TASK STATEMENT:
Could you reproduce, from the records below, everything from the line with "doc.units = ezdxf.units.M" down to the line with "msp = doc.modelspace()", keeping both of those lines and changing nothing?

GIVEN RECORDS:
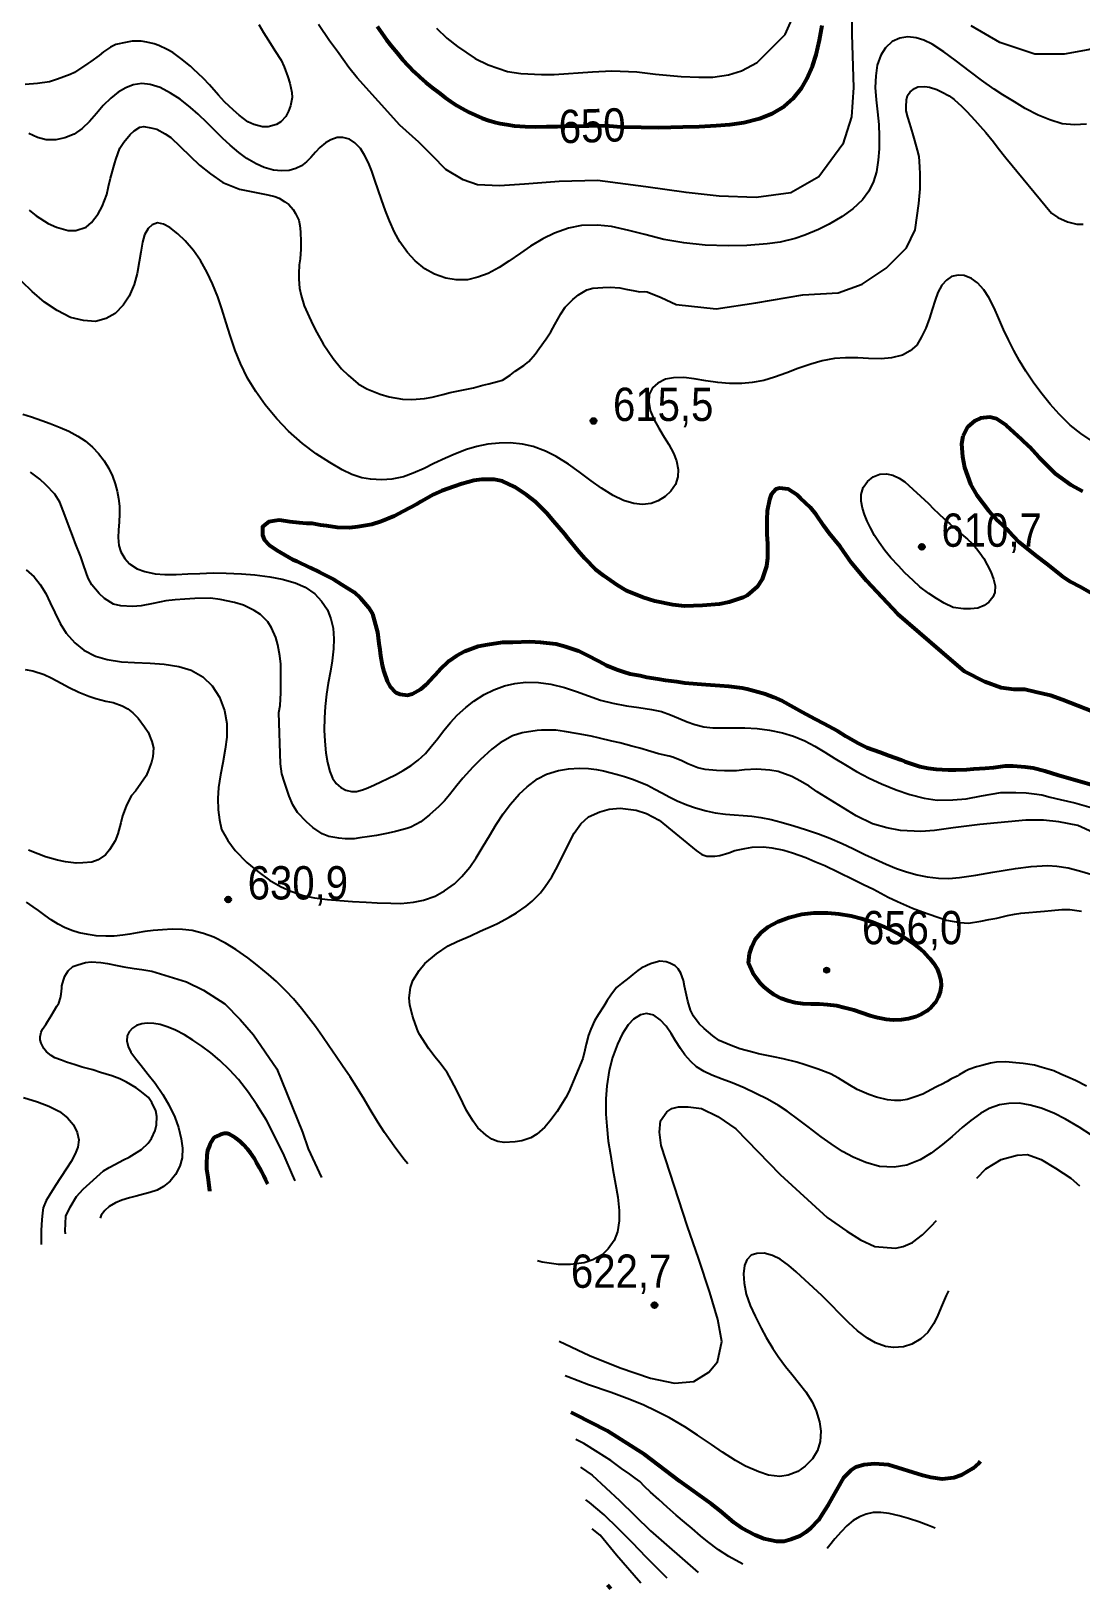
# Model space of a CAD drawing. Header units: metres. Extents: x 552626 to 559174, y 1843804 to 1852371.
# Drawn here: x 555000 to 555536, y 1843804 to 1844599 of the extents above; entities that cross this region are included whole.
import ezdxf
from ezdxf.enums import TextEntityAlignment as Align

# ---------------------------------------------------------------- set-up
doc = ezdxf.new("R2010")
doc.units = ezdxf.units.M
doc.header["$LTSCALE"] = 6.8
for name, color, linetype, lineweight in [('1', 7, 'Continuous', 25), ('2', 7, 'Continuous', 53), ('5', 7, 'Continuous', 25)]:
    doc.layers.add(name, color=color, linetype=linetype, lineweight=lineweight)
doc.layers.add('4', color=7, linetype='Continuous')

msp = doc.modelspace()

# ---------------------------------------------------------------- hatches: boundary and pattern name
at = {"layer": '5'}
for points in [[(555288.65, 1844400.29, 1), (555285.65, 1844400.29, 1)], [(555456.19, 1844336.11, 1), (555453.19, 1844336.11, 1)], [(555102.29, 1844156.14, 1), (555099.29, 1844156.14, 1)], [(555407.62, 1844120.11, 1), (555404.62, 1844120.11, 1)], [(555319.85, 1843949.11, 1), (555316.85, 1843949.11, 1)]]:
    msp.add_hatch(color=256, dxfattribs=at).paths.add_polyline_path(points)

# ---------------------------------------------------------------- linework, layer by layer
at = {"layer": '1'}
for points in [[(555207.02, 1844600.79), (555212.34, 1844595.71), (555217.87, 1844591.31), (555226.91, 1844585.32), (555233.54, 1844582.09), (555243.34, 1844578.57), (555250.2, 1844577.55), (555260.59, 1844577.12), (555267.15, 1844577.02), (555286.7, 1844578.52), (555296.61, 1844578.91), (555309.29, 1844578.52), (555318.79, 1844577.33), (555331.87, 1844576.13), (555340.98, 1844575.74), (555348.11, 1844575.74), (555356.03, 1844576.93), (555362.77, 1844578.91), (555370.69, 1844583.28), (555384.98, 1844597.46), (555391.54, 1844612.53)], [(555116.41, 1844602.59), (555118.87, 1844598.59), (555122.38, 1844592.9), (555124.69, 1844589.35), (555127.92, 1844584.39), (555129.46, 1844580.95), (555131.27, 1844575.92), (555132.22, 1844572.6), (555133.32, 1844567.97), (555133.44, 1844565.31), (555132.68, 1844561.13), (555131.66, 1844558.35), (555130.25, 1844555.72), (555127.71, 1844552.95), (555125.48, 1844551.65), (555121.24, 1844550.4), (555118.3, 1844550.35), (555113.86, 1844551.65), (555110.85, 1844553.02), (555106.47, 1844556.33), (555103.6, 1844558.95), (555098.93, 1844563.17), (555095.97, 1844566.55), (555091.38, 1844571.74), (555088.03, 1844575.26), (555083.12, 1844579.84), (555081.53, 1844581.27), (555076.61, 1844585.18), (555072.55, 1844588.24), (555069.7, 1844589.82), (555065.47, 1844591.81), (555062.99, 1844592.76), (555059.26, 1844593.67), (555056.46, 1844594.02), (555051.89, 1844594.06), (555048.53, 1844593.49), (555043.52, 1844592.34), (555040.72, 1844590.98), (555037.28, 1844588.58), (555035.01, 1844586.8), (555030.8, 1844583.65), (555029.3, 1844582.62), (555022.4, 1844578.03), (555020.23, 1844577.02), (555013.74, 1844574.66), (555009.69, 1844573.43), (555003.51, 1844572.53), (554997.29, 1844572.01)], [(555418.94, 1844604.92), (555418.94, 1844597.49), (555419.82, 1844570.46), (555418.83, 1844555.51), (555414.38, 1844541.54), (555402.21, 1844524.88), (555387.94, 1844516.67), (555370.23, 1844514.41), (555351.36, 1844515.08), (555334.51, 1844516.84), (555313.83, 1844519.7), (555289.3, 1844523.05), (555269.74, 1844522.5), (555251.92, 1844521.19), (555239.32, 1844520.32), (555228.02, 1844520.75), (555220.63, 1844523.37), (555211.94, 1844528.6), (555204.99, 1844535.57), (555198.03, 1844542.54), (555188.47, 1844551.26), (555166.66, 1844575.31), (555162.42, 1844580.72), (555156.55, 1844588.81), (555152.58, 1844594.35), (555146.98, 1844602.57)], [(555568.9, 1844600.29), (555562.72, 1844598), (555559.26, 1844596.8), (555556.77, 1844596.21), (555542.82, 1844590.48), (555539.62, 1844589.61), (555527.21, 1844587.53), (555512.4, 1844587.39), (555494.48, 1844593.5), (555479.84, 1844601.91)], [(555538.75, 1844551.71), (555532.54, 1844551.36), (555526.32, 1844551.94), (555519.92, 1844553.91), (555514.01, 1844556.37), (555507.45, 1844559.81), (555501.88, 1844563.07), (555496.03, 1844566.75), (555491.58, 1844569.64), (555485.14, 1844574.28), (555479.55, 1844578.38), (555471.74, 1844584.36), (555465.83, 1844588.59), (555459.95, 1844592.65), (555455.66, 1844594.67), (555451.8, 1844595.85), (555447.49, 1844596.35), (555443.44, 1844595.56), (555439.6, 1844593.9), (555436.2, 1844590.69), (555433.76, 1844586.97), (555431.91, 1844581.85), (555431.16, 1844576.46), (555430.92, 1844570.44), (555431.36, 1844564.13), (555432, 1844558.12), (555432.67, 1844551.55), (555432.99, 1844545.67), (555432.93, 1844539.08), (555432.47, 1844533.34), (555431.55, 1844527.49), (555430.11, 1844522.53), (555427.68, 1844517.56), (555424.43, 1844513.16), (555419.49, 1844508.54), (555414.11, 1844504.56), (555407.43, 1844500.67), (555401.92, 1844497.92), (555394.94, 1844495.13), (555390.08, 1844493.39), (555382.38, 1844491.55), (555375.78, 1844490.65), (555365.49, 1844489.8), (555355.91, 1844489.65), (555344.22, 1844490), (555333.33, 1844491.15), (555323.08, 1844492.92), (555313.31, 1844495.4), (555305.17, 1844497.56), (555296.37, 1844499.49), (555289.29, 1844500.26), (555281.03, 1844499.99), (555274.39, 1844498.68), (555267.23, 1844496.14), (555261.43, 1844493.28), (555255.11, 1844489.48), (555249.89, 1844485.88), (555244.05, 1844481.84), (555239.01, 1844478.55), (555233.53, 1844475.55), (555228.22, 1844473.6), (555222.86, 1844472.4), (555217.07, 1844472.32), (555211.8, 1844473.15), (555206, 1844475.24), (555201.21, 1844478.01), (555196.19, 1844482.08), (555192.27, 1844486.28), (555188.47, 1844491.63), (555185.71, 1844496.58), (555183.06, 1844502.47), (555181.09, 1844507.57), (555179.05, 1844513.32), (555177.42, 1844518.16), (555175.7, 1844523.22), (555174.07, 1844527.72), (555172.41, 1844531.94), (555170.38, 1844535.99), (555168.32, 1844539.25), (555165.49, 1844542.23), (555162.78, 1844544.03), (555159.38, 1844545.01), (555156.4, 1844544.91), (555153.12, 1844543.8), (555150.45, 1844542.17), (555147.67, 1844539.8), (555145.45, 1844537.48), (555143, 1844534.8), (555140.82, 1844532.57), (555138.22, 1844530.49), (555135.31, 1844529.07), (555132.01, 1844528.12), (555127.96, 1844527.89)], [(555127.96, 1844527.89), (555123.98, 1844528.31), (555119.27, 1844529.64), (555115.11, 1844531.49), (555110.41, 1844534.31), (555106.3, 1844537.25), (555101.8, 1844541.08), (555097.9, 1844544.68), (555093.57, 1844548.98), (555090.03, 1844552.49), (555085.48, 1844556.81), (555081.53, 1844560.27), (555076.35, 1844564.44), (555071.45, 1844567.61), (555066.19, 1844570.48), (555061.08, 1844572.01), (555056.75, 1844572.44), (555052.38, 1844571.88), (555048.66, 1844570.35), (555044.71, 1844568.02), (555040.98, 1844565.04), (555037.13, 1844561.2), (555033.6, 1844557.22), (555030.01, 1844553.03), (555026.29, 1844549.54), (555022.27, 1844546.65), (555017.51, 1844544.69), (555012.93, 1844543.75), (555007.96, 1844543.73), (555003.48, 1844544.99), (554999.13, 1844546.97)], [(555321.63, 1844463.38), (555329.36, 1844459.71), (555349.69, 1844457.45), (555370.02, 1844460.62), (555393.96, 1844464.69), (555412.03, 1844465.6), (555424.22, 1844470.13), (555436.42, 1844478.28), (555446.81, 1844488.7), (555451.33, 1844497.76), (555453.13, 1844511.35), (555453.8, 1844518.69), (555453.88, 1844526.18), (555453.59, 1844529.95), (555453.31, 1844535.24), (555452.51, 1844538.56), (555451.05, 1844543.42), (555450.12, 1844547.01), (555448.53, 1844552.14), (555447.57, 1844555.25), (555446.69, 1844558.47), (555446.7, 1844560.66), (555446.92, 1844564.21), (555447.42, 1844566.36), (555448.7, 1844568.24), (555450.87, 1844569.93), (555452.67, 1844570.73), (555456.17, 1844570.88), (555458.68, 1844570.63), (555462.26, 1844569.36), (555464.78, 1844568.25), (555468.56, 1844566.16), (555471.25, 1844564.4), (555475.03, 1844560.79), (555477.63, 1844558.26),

SOLUTION:
doc.units = ezdxf.units.M
doc.header["$LTSCALE"] = 6.8
for name, color, linetype, lineweight in [('1', 7, 'Continuous', 25), ('2', 7, 'Continuous', 53), ('5', 7, 'Continuous', 25)]:
    doc.layers.add(name, color=color, linetype=linetype, lineweight=lineweight)
doc.layers.add('4', color=7, linetype='Continuous')

msp = doc.modelspace()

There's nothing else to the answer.